The Bank of Israel vs. the Competition Authority

Competition Commissioner Michal Cohen, illustration | Credit: Yonatan Sindel, Chaim Goldberg, Eyal Toueg, Yossi Aloni, Flash 90, Shutterstock

The Competition Authority’s Concentration Group designation last week covered Hapoalim (TASE:POLI), Leumi (TASE:LUMI), Mizrahi-Tefahot (TASE:MZTF), Discount (TASE:DSCT), and First International (TASE:FIBI). Authority Commissioner Michal Cohen’s audit found that the five Israeli entities control 98% of system assets, and that retail depositors absorbed roughly ₪20 billion in foregone interest between 2022 and 2024 because rate hikes flowed instantly to borrowers but sluggishly to savers.

The proposed remedies include deposit portability and interest rate parity rules, both reasonable on paper. The Bank of Israel’s response was to publicly attack the designation as disproportionate and economically unfounded. That reaction is itself the most useful data point in the story. The central bank is openly defending the structural arrangement that produced the ₪20 billion gap, which reveals how protected the current setup is.

Portability and parity rules will help at the margin. They will not produce real competitive pressure, because the same border conditions that protect Tnuva also protect the banks. Foreign retail banks face capital controls, licensing friction, and a regulatory environment built around five domestic incumbents. A depositor with full portability rights still has only five places to put the money.

If the Bank of Israel successfully blocks these mandates, the Competition Authority’s historic declaration will be reduced to mere optics.

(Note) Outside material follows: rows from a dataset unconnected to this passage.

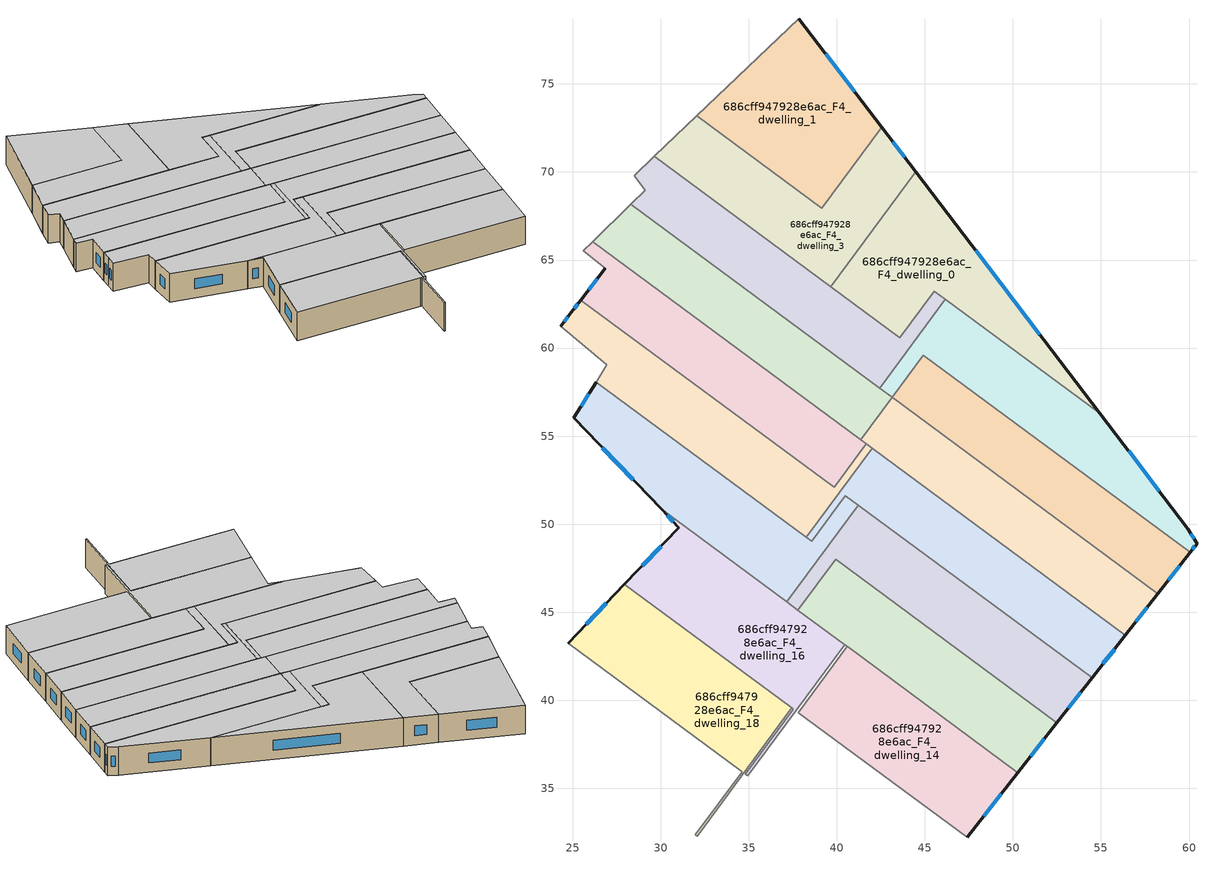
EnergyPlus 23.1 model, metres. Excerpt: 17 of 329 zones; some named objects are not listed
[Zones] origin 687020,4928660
686cff947928e6ac_F4_dwelling_0
 floor to 686cff947928e6ac_F3_dwelling_0 (EU_floor_Construction): 44.47,70.02 54.94,56.29 45.54,63.23 43.58,60.59 39.65,63.49 z12
 wall outside (EU_wall_Construction): 54.94,56.29 44.47,70.02 z12:15
 wall to 686cff947928e6ac_F4_dwelling_5 (EU_wall_Construction): 39.65,63.49 43.58,60.59 45.54,63.23 46.17,62.77 z12:15
 wall to 686cff947928e6ac_F4_dwelling_3 (EU_wall_Construction): 44.47,70.02 39.65,63.49 z12:15
 wall to 686cff947928e6ac_F4_dwelling_2 (EU_wall_Construction): 46.17,62.77 54.94,56.29 z12:15
 window (EU_Window_Construction): 51.54,60.75 47.88,65.55 z12.98:14.02
 ceiling to 686cff947928e6ac_F5_dwelling_0 (EU_floor_Construction): 54.94,56.29 44.47,70.02 39.65,63.49 43.58,60.59 45.54,63.23 z15
686cff947928e6ac_F4_dwelling_1
 floor to 686cff947928e6ac_F3_dwelling_1 (EU_floor_Construction): 37.84,78.71 42.55,72.54 39.15,67.95 32.05,73.19 z12
 wall outside (EU_wall_Construction): 42.55,72.54 37.84,78.71 z12:15
 wall to 686cff947928e6ac_F4_dwelling_3 (EU_wall_Construction): 32.05,73.19 39.15,67.95 42.55,72.54 z12:15
 wall adiabatic (EU_wall_Construction): 37.84,78.71 32.05,73.19 z12:15
 window (EU_Window_Construction): 41.02,74.55 39.37,76.71 z12.98:14.02
 ceiling to 686cff947928e6ac_F5_dwelling_1 (EU_floor_Construction): 39.15,67.95 42.55,72.54 37.84,78.71 32.05,73.19 z15
686cff947928e6ac_F4_dwelling_10
 floor to 686cff947928e6ac_F3_dwelling_10 (EU_floor_Construction): 54.49,41.27 52.5,38.73 39.93,48.01 37.79,45.12 37.15,45.59 41.2,51.09 z12
 wall outside (EU_wall_Construction): 52.5,38.73 54.49,41.27 z12:15
 wall to 686cff947928e6ac_F4_dwelling_12 (EU_wall_Construction): 37.79,45.12 39.93,48.01 52.5,38.73 z12:15
 wall to 686cff947928e6ac_F4_dwelling_13 (EU_wall_Construction): 41.2,51.09 37.15,45.59 z12:15
 wall to 686cff947928e6ac_F4_dwelling_8 (EU_wall_Construction): 54.49,41.27 41.2,51.09 z12:15
 wall to 686cff947928e6ac_F4_dwelling_16 (EU_wall_Construction): 37.15,45.59 37.79,45.12 z12:15
 window (EU_Window_Construction): 53.15,39.56 53.84,40.44 z12.98:14.02
 ceiling to 686cff947928e6ac_F5_dwelling_10 (EU_floor_Construction): 52.5,38.73 54.49,41.27 41.2,51.09 37.15,45.59 37.79,45.12 39.93,48.01 z15
686cff947928e6ac_F4_dwelling_11
 floor to 686cff947928e6ac_F3_dwelling_11 (EU_floor_Construction): 41.67,54.56 42,54.32 38.26,49.25 26.32,58.06 26.94,59.05 24.31,61.23 24.93,62.04 25.45,62.72 39.85,52.09 z12
 wall outside (EU_wall_Construction): 25.45,62.72 24.93,62.04 24.31,61.23 z12:15
 wall to 686cff947928e6ac_F4_dwelling_9 (EU_wall_Construction): 41.67,54.56 39.85,52.09 25.45,62.72 z12:15
 wall to 686cff947928e6ac_F4_dwelling_8 (EU_wall_Construction): 38.26,49.25 42,54.32 z12:15
 wall adiabatic (EU_wall_Construction): 24.31,61.23 26.94,59.05 26.32,58.06 z12:15
 wall to 686cff947928e6ac_F4_dwelling_6 (EU_wall_Construction): 42,54.32 41.67,54.56 z12:15
 wall to 686cff947928e6ac_F4_dwelling_13 (EU_wall_Construction): 26.32,58.06 38.26,49.25 z12:15
 window (EU_Window_Construction): 24.72,61.77 24.51,61.49 / 25.28,62.5 25.1,62.26 z12.98:14.02
 ceiling to 686cff947928e6ac_F5_dwelling_11 (EU_floor_Construction): 39.85,52.09 25.45,62.72 24.93,62.04 24.31,61.23 26.94,59.05 26.32,58.06 38.26,49.25 42,54.32 41.67,54.56 z15
686cff947928e6ac_F4_dwelling_12
 floor to 686cff947928e6ac_F3_dwelling_12 (EU_floor_Construction): 52.5,38.73 50.28,35.89 37.79,45.12 39.93,48.01 z12
 wall outside (EU_wall_Construction): 50.28,35.89 52.5,38.73 z12:15
 wall to 686cff947928e6ac_F4_dwelling_14 (EU_wall_Construction): 40.58,43.06 50.28,35.89 z12:15
 wall to 686cff947928e6ac_F4_dwelling_15 (EU_wall_Construction): 40.44,43.16 40.58,43.06 z12:15
 wall to 686cff947928e6ac_F4_dwelling_16 (EU_wall_Construction): 37.79,45.12 40.44,43.16 z12:15
 window (EU_Window_Construction): 51,36.81 51.78,37.81 z12.98:14.02
 ceiling to 686cff947928e6ac_F5_dwelling_12 (EU_floor_Construction): 50.28,35.89 52.5,38.73 39.93,48.01 37.79,45.12 z15
686cff947928e6ac_F4_dwelling_13
 floor to 686cff947928e6ac_F3_dwelling_13 (EU_floor_Construction): 40.48,51.62 41.2,51.09 37.15,45.59 30.05,50.83 25.06,56.04 26.32,58.06 38.56,49.02 z12
 wall outside (EU_wall_Construction): 26.32,58.06 25.06,56.04 30.05,50.83 z12:15
 wall to 686cff947928e6ac_F4_dwelling_8 (EU_wall_Construction): 41.2,51.09 40.48,51.62 38.56,49.02 38.26,49.25 z12:15
 wall to 686cff947928e6ac_F4_dwelling_16 (EU_wall_Construction): 30.05,50.83 37.15,45.59 z12:15
 window (EU_Window_Construction): 26.69,54.34 28.43,52.52 / 25.91,57.4 25.47,56.69 z12.98:14.02
 ceiling to 686cff947928e6ac_F5_dwelling_13 (EU_floor_Construction): 37.15,45.59 41.2,51.09 40.48,51.62 38.56,49.02 26.32,58.06 25.06,56.04 30.05,50.83 z15
686cff947928e6ac_F4_dwelling_14
 floor to 686cff947928e6ac_F3_dwelling_14 (EU_floor_Construction): 50.28,35.89 47.4,32.21 37.8,39.29 40.58,43.06 z12
 wall outside (EU_wall_Construction): 47.4,32.21 50.28,35.89 z12:15
 wall to 686cff947928e6ac_F4_dwelling_15 (EU_wall_Construction): 40.58,43.06 37.8,39.29 47.4,32.21 z12:15
 window (EU_Window_Construction): 48.34,33.41 49.34,34.69 z12.98:14.02
 ceiling to 686cff947928e6ac_F5_dwelling_14 (EU_floor_Construction): 47.4,32.21 50.28,35.89 40.58,43.06 37.8,39.29 z15
686cff947928e6ac_F4_dwelling_16
 floor to 686cff947928e6ac_F3_dwelling_16 (EU_floor_Construction): 40.44,43.16 34.94,35.7 34.8,35.8 37.53,39.5 27.94,46.58 31.04,49.8 30.05,50.83 z12
 wall outside (EU_wall_Construction): 30.05,50.83 31.04,49.8 27.94,46.58 z12:15
 wall to 686cff947928e6ac_F4_dwelling_15 (EU_wall_Construction): 34.94,35.7 40.44,43.16 z12:15
 wall to 686cff947928e6ac_F4_dwelling_17 (EU_wall_Construction): 37.44,39.56 37.53,39.5 34.8,35.8 34.94,35.7 z12:15
 wall to 686cff947928e6ac_F4_dwelling_18 (EU_wall_Construction): 27.94,46.58 37.44,39.56 z12:15
 window (EU_Window_Construction): 30.03,48.76 28.95,47.63 / 30.37,50.5 30.71,50.14 z12.98:14.02
 ceiling to 686cff947928e6ac_F5_dwelling_16 (EU_floor_Construction): 37.53,39.5 34.8,35.8 34.94,35.7 40.44,43.16 30.05,50.83 31.04,49.8 27.94,46.58 z15
686cff947928e6ac_F4_dwelling_18
 floor to 686cff947928e6ac_F3_dwelling_18 (EU_floor_Construction): 37.44,39.56 32.06,32.28 31.97,32.35 34.62,35.94 24.73,43.24 27.94,46.58 z12
 wall outside (EU_wall_Construction): 27.94,46.58 24.73,43.24 z12:15
 wall to 686cff947928e6ac_F4_dwelling_17 (EU_wall_Construction): 32.06,32.28 37.44,39.56 z12:15
 wall to 686cff947928e6ac_F4_dwelling_19 (EU_wall_Construction): 34.54,36 34.62,35.94 31.97,32.35 32.06,32.28 z12:15
 wall to 686cff947928e6ac_F4_dwelling_20 (EU_wall_Construction): 24.73,43.24 34.54,36 z12:15
 window (EU_Window_Construction): 26.9,45.49 25.78,44.33 z12.98:14.02
 ceiling to 686cff947928e6ac_F5_dwelling_18 (EU_floor_Construction): 34.62,35.94 31.97,32.35 32.06,32.28 37.44,39.56 27.94,46.58 24.73,43.24 z15
686cff947928e6ac_F4_dwelling_2
 floor to 686cff947928e6ac_F3_dwelling_2 (EU_floor_Construction): 54.94,56.29 59.93,49.74 60.45,48.89 60.07,48.41 44.91,59.6 43.14,57.2 42.44,57.72 46.17,62.76 z12
 wall outside (EU_wall_Construction): 60.07,48.41 60.45,48.89 59.93,49.74 54.94,56.29 z12:15
 wall to 686cff947928e6ac_F4_dwelling_4 (EU_wall_Construction): 43.14,57.2 44.91,59.6 60.07,48.41 z12:15
 wall to 686cff947928e6ac_F4_dwelling_5 (EU_wall_Construction): 46.17,62.76 42.44,57.72 z12:15
 wall to 686cff947928e6ac_F4_dwelling_7 (EU_wall_Construction): 42.44,57.72 43.14,57.2 z12:15
 window (EU_Window_Construction): 60.28,49.17 60.1,49.46 / 60.2,48.57 60.33,48.74 / 58.31,51.87 56.56,54.16 z12.98:14.02
 ceiling to 686cff947928e6ac_F5_dwelling_2 (EU_floor_Construction): 60.07,48.41 60.45,48.89 59.93,49.74 54.94,56.29 46.17,62.76 42.44,57.72 43.14,57.2 44.91,59.6 z15
686cff947928e6ac_F4_dwelling_3
 floor to 686cff947928e6ac_F3_dwelling_3 (EU_floor_Construction): 42.55,72.54 44.47,70.02 39.65,63.49 29.63,70.89 32.05,73.19 39.15,67.95 z12
 wall outside (EU_wall_Construction): 44.47,70.02 42.55,72.54 z12:15
 wall adiabatic (EU_wall_Construction): 32.05,73.19 29.63,70.89 z12:15
 wall to 686cff947928e6ac_F4_dwelling_5 (EU_wall_Construction): 29.63,70.89 39.65,63.49 z12:15
 window (EU_Window_Construction): 43.85,70.84 43.17,71.72 z12.98:14.02
 ceiling to 686cff947928e6ac_F5_dwelling_3 (EU_floor_Construction): 39.65,63.49 44.47,70.02 42.55,72.54 39.15,67.95 32.05,73.19 29.63,70.89 z15
686cff947928e6ac_F4_dwelling_4
 floor to 686cff947928e6ac_F3_dwelling_4 (EU_floor_Construction): 60.07,48.41 58.23,46.06 43.14,57.2 44.91,59.6 z12
 wall outside (EU_wall_Construction): 58.23,46.06 60.07,48.41 z12:15
 wall to 686cff947928e6ac_F4_dwelling_6 (EU_wall_Construction): 43.15,57.2 58.23,46.06 z12:15
 wall to 686cff947928e6ac_F4_dwelling_7 (EU_wall_Construction): 43.14,57.2 43.15,57.2 z12:15
 window (EU_Window_Construction): 58.83,46.82 59.47,47.64 z12.98:14.02
 ceiling to 686cff947928e6ac_F5_dwelling_4 (EU_floor_Construction): 58.23,46.06 60.07,48.41 44.91,59.6 43.14,57.2 z15
686cff947928e6ac_F4_dwelling_5
 floor to 686cff947928e6ac_F3_dwelling_5 (EU_floor_Construction): 45.54,63.23 46.17,62.76 42.44,57.72 28.3,68.17 29.11,68.96 28.48,69.79 29.63,70.89 43.58,60.59 z12
 wall adiabatic (EU_wall_Construction): 29.63,70.89 28.48,69.79 29.11,68.96 28.3,68.17 z12:15
 wall to 686cff947928e6ac_F4_dwelling_7 (EU_wall_Construction): 28.3,68.17 42.44,57.72 z12:15
 ceiling to 686cff947928e6ac_F5_dwelling_5 (EU_floor_Construction): 42.44,57.72 46.17,62.76 45.54,63.23 43.58,60.59 29.63,70.89 28.48,69.79 29.11,68.96 28.3,68.17 z15
686cff947928e6ac_F4_dwelling_6
 floor to 686cff947928e6ac_F3_dwelling_6 (EU_floor_Construction): 58.23,46.06 56.39,43.7 41.37,54.78 43.15,57.2 z12
 wall outside (EU_wall_Construction): 56.39,43.7 58.23,46.06 z12:15
 wall to 686cff947928e6ac_F4_dwelling_7 (EU_wall_Construction): 43.15,57.2 41.37,54.78 z12:15
 wall to 686cff947928e6ac_F4_dwelling_8 (EU_wall_Construction): 42,54.32 56.39,43.7 z12:15
 wall to 686cff947928e6ac_F4_dwelling_9 (EU_wall_Construction): 41.37,54.78 41.67,54.56 z12:15
 window (EU_Window_Construction): 56.99,44.46 57.63,45.29 z12.98:14.02
 ceiling to 686cff947928e6ac_F5_dwelling_6 (EU_floor_Construction): 56.39,43.7 58.23,46.06 43.15,57.2 41.37,54.78 z15
686cff947928e6ac_F4_dwelling_7
 floor to 686cff947928e6ac_F3_dwelling_7 (EU_floor_Construction): 43.15,57.2 41.37,54.78 26.12,66.04 28.3,68.17 z12
 wall adiabatic (EU_wall_Construction): 28.3,68.17 26.12,66.04 z12:15
 wall to 686cff947928e6ac_F4_dwelling_9 (EU_wall_Construction): 26.12,66.04 41.37,54.78 z12:15
 ceiling to 686cff947928e6ac_F5_dwelling_7 (EU_floor_Construction): 41.37,54.78 43.15,57.2 28.3,68.17 26.12,66.04 z15
686cff947928e6ac_F4_dwelling_8
 floor to 686cff947928e6ac_F3_dwelling_8 (EU_floor_Construction): 56.39,43.7 54.49,41.27 40.48,51.62 38.56,49.02 38.26,49.25 42,54.32 z12
 wall outside (EU_wall_Construction): 54.49,41.27 56.39,43.7 z12:15
 window (EU_Window_Construction): 55.11,42.06 55.77,42.91 z12.98:14.02
 ceiling to 686cff947928e6ac_F5_dwelling_8 (EU_floor_Construction): 54.49,41.27 56.39,43.7 42,54.32 38.26,49.25 38.56,49.02 40.48,51.62 z15
686cff947928e6ac_F4_dwelling_9
 floor to 686cff947928e6ac_F3_dwelling_9 (EU_floor_Construction): 41.67,54.56 39.85,52.09 25.45,62.72 26.84,64.54 25.6,65.54 26.12,66.04 z12
 wall outside (EU_wall_Construction): 26.84,64.54 25.45,62.72 z12:15
 wall adiabatic (EU_wall_Construction): 26.12,66.04 25.6,65.54 26.84,64.54 z12:15
 window (EU_Window_Construction): 26.39,63.94 25.9,63.31 z12.98:14.02
 ceiling to 686cff947928e6ac_F5_dwelling_9 (EU_floor_Construction): 39.85,52.09 41.67,54.56 26.12,66.04 25.6,65.54 26.84,64.54 25.45,62.72 z15
[Building]
EU S2 Campaign: North Axis=0; Terrain=City; Solar Distribution=FullExterior
[Site:Location]
Bologna: Latitude=44.5; Longitude=11.25; Time Zone=1; Elevation=37
[SizingPeriod:WeatherFileDays]
AnnualSizingPeriod: Begin Month=1; Begin Day of Month=1; End Month=12; End Day of Month=31; Day of Week for Start Day=Monday; Use Weather File Daylight Saving Period=No; Use Weather File Rain and Snow Indicators=No
[MATERIAL]
EU_InternalMass_Material: Roughness=MediumRough; Thickness=0.1; Conductivity=1; Density=1800; Specific Heat=900; Thermal Absorptance=0.9; Solar Absorptance=0.7; Visible Absorptance=0.7
[MATERIAL:NOMASS] Roughness=MediumRough; Thermal Absorptance=0.9; Solar Absorptance=0.7; Visible Absorptance=0.7
Name | Thermal Resistance
EU_wall_NoMass | 0.905828
EU_floor_NoMass | 0.67114
[WINDOWMATERIAL:SIMPLEGLAZINGSYSTEM]
EU_Window_SimpleGlazing: UFactor=4.52486; Solar Heat Gain Coefficient=0.85; Visible Transmittance=0.85
[CONSTRUCTION]
EU_wall_Construction: EU_wall_NoMass
EU_floor_Construction: EU_floor_NoMass
EU_Window_Construction: EU_Window_SimpleGlazing
EU_InternalMass_Construction: EU_InternalMass_Material
[ZONE] Type=1; Multiplier=1; Ceiling Height=autocalculate; Floor Area=autocalculate; Part of Total Floor Area=Yes
Name | Volume
686cff947928e6ac_F4_dwelling_0 | 168.287
686cff947928e6ac_F4_dwelling_1 | 168.281
686cff947928e6ac_F4_dwelling_10 | 168.247
686cff947928e6ac_F4_dwelling_11 | 168.291
686cff947928e6ac_F4_dwelling_12 | 168.253
686cff947928e6ac_F4_dwelling_13 | 168.284
686cff947928e6ac_F4_dwelling_14 | 168.27
686cff947928e6ac_F4_dwelling_16; 686cff947928e6ac_F4_dwelling_7 | 168.292
686cff947928e6ac_F4_dwelling_18 | 168.259
686cff947928e6ac_F4_dwelling_2 | 168.283
686cff947928e6ac_F4_dwelling_3 | 168.265
686cff947928e6ac_F4_dwelling_4 | 168.269
686cff947928e6ac_F4_dwelling_5 | 168.245
686cff947928e6ac_F4_dwelling_6 | 168.268
686cff947928e6ac_F4_dwelling_8 | 168.308
686cff947928e6ac_F4_dwelling_9 | 168.254
[INTERNALMASS] Construction=EU_InternalMass_Construction
Name | Zone or ZoneList | Surface Area
686cff947928e6ac_F4_dwelling_0_EU_InternalMass | 686cff947928e6ac_F4_dwelling_0 | 56.0903
686cff947928e6ac_F4_dwelling_1_EU_InternalMass | 686cff947928e6ac_F4_dwelling_1 | 56.093
686cff947928e6ac_F4_dwelling_2_EU_InternalMass | 686cff947928e6ac_F4_dwelling_2 | 56.0929
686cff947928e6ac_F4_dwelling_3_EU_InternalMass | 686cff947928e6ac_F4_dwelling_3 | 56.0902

The fix lives at the border

Tnuva and Tara milk | Photo: Chaim Goldberg, Flash 90

Both sectors share one feature. Domestic incumbents extract rent because foreign competition has been kept out by policy choice, not by market dynamics. Israeli consumers are not anchored to Tnuva yogurt or Hapoalim deposits out of habit. They are anchored because the policy environment has eliminated meaningful alternatives.

The fix here is trade policy, not retail theater or regulatory designation. Cut tariffs on dairy and consumer staples to the levels seen in comparable OECD economies. Streamline kashrut certification pathways for foreign producers willing to meet the standard rather than treating compliance as a soft trade barrier. Open the retail banking license process to foreign entrants on terms that do not require a local consortium partner. Let Lidl, Aldi, and Carrefour open stores without zoning and licensing drag.

The day a shopper in Tel Aviv can buy decent French butter at half the price of equivalent Tnuva product, cartel pricing power in dairy evaporates without any boycott required. The day a depositor can hold a checking account at a serious foreign bank operating locally, deposit rates rise without any portability mandate required. The structural friction does the work that performative interventions cannot.

What to watch

Shufersal may quietly resume Tnuva orders within the quarter, as it did in 2022. The Bank of Israel may succeed in softening or delaying the Competition Authority’s binding mandates. Neither outcome should be read as a policy failure in the narrow sense. Both are predictable consequences of fighting cost-of-living battles inside a closed competitive perimeter.

The story worth tracking is whether anyone in the coalition or opposition picks up the trade policy thread. Until that conversation starts, the Israeli consumer will keep paying the surcharge that decades of import protection have built into the price of bread, milk, and a checking account.